> **Data for this exercise**:
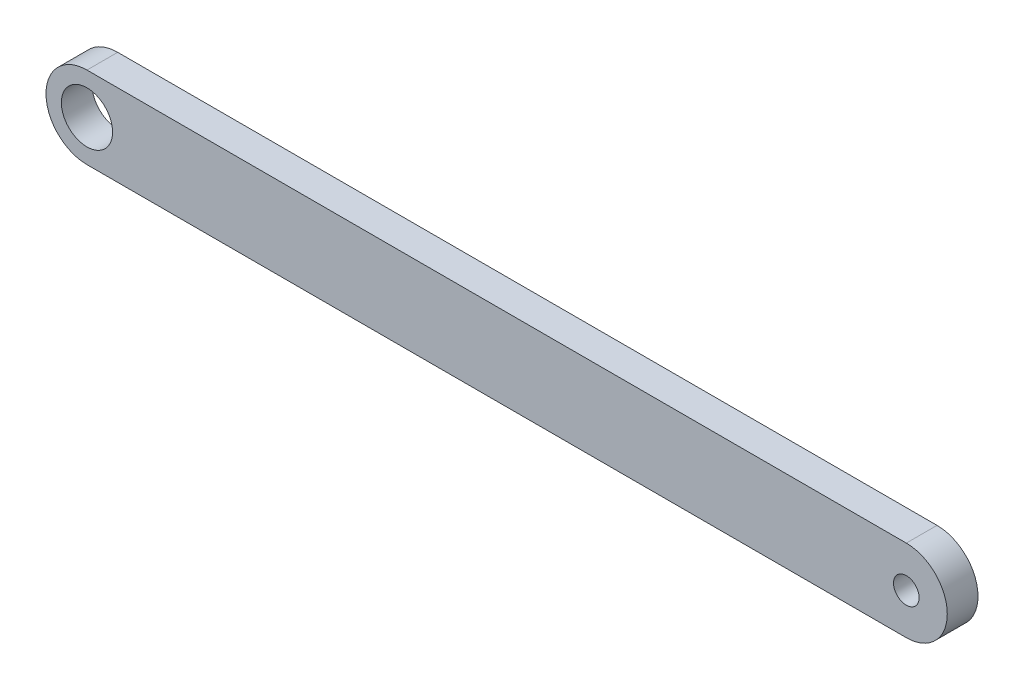
SolidWorks part; units mm, degrees
ref_plane "Alzado" through (0, 0, 0) normal (0, 0, 1) x (1, 0, 0)
ref_plane "Planta" through (0, 0, 0) normal (0, 1, 0) x (1, 0, 0)
ref_plane "Vista lateral" through (0, 0, 0) normal (1, 0, 0) x (0, 0, -1)
sketch "Croquis1" plane through (0, 0, 0) normal (0, 0, 1) x (1, 0, 0)
  line L0 (-54.371, 0) -> (105.629, 0) construction
  line L1 (-54.371, 8) -> (105.629, 8)
  line L2 (-54.371, -8) -> (105.629, -8)
  arc A0 (-54.371, 8) -> (-54.371, -8) centre (-54.371, 0) ccw
  arc A1 (105.629, -8) -> (105.629, 8) centre (105.629, 0) ccw
  circle A2 centre (-54.371, 0) radius 5
  circle A3 centre (105.629, 0) radius 2.5
  point P3 (25.629, 0)
  dimension "D2" = 8
  dimension "D3" = 10
  dimension "D4" = 5
  dimension "D1" = 160
extrude "Saliente-Extruir1" add sketch "Croquis1" along normal blind 6
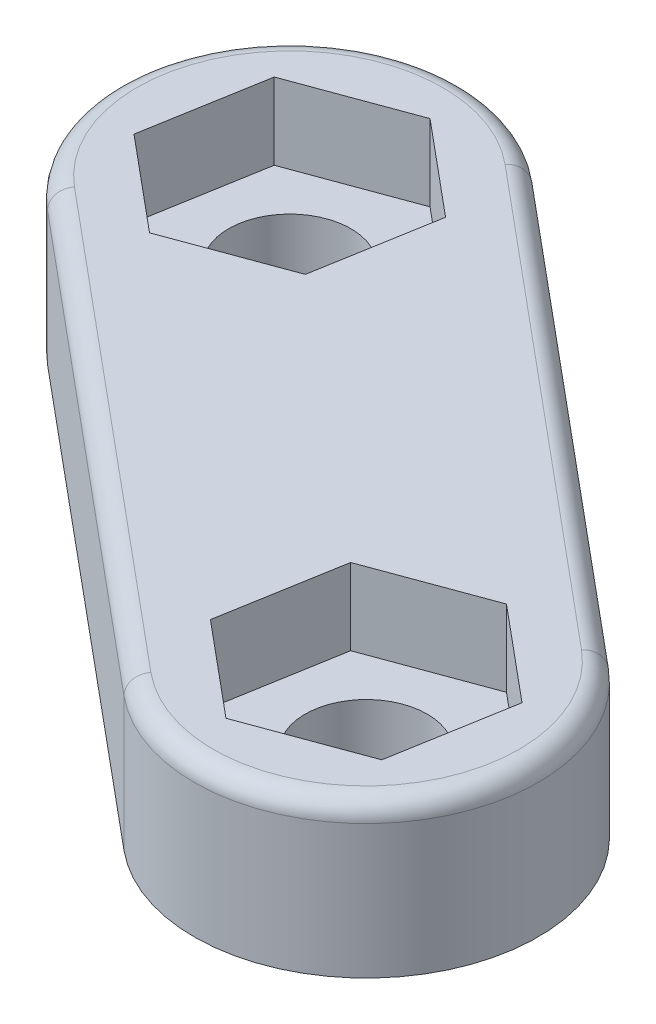
SolidWorks part; units mm, degrees
ref_plane "Front Plane" through (0, 0, 0) normal (0, 0, 1) x (1, 0, 0)
ref_plane "Top Plane" through (0, 0, 0) normal (0, 1, 0) x (1, 0, 0)
ref_plane "Right Plane" through (0, 0, 0) normal (1, 0, 0) x (0, 0, -1)
sketch "Sketch1" plane through (0, 0, 0) normal (0, 1, 0) x (1, 0, 0)
  line L0 (-8.8808, 1.543) -> (3.1192, -8.457)
  line L1 (-6, 5) -> (6, 5)
  line L2 (-6, 5) -> (-6, -5)
  line L3 (-6, -5) -> (6, -5)
  line L4 (6, 5) -> (6, -5)
  line L5 (-6, 5) -> (6, -5) construction
  line L6 (-6, -5) -> (6, 5) construction
  line L7 (-3.1192, 8.457) -> (8.8808, -1.543)
  circle A0 centre (-6, 5) radius 4.5
  circle A1 centre (6, -5) radius 4.5
  circle A2 centre (-6, 5) radius 1.6
  circle A3 centre (6, -5) radius 1.6
  point P0 (0, 0)
  dimension "D3" = 9
  dimension "D4" = 3.2
  dimension "D1" = 12
  dimension "D2" = 10
extrude "Boss-Extrude1" add sketch "Sketch1" along normal blind 4 contours A2 L1 A0 L2 | A2 L2 A0 L1 | A1 L4 L7 L1 A0 L2 L0 L3 | A3 L4 A1 L3 | A3 L3 A1 L4 | A1 L3 L0 | A0 L0 L2 | A1 L7 L4 | A0 L1 L7
sketch "Sketch2" plane through (0, 4, 0) normal (0, 1, 0) x (1, 0, 0)
  line L0 (-8.8808, 1.543) -> (3.1192, -8.457) construction
  line L1 (-8.4394, 7.0329) -> (-8.9802, 3.9038)
  line L2 (-8.9802, 3.9038) -> (-6.5408, 1.871)
  line L3 (-6.5408, 1.871) -> (-3.5606, 2.9671)
  line L4 (-3.5606, 2.9671) -> (-3.0198, 6.0962)
  line L5 (-3.0198, 6.0962) -> (-5.4592, 8.129)
  line L6 (-5.4592, 8.129) -> (-8.4394, 7.0329)
  line L7 (2.8808, 3.457) -> (-2.8808, -3.457) construction
  line L8 (-3.1192, 8.457) -> (8.8808, -1.543) construction
  line L9 (5.4592, -8.129) -> (3.0198, -6.0962)
  line L10 (8.4394, -7.0329) -> (5.4592, -8.129)
  line L11 (8.9802, -3.9038) -> (8.4394, -7.0329)
  line L12 (6.5408, -1.871) -> (8.9802, -3.9038)
  line L13 (3.5606, -2.9671) -> (6.5408, -1.871)
  line L14 (3.0198, -6.0962) -> (3.5606, -2.9671)
  circle A0 centre (-6, 5) radius 2.75 construction
  dimension "D1" = 5.5
extrude "Cut-Extrude1" cut sketch "Sketch2" against normal blind 2
fillet "Fillet1" radius 0.5 4 edges at (-9.457, 4, -7.8808) (2.8808, 4, -3.457) (9.457, 4, 7.8808) (-2.8808, 4, 3.457)

> **Problem to solve**: Scan the lines above for "line L2 (-54.371, -8) -> (105.629, -8)" and for "normal blind 6". Repeat exactly the line holding each of them and every line in between.

> **Task output**:
  line L2 (-54.371, -8) -> (105.629, -8)
  arc A0 (-54.371, 8) -> (-54.371, -8) centre (-54.371, 0) ccw
  arc A1 (105.629, -8) -> (105.629, 8) centre (105.629, 0) ccw
  circle A2 centre (-54.371, 0) radius 5
  circle A3 centre (105.629, 0) radius 2.5
  point P3 (25.629, 0)
  dimension "D2" = 8
  dimension "D3" = 10
  dimension "D4" = 5
  dimension "D1" = 160
extrude "Saliente-Extruir1" add sketch "Croquis1" along normal blind 6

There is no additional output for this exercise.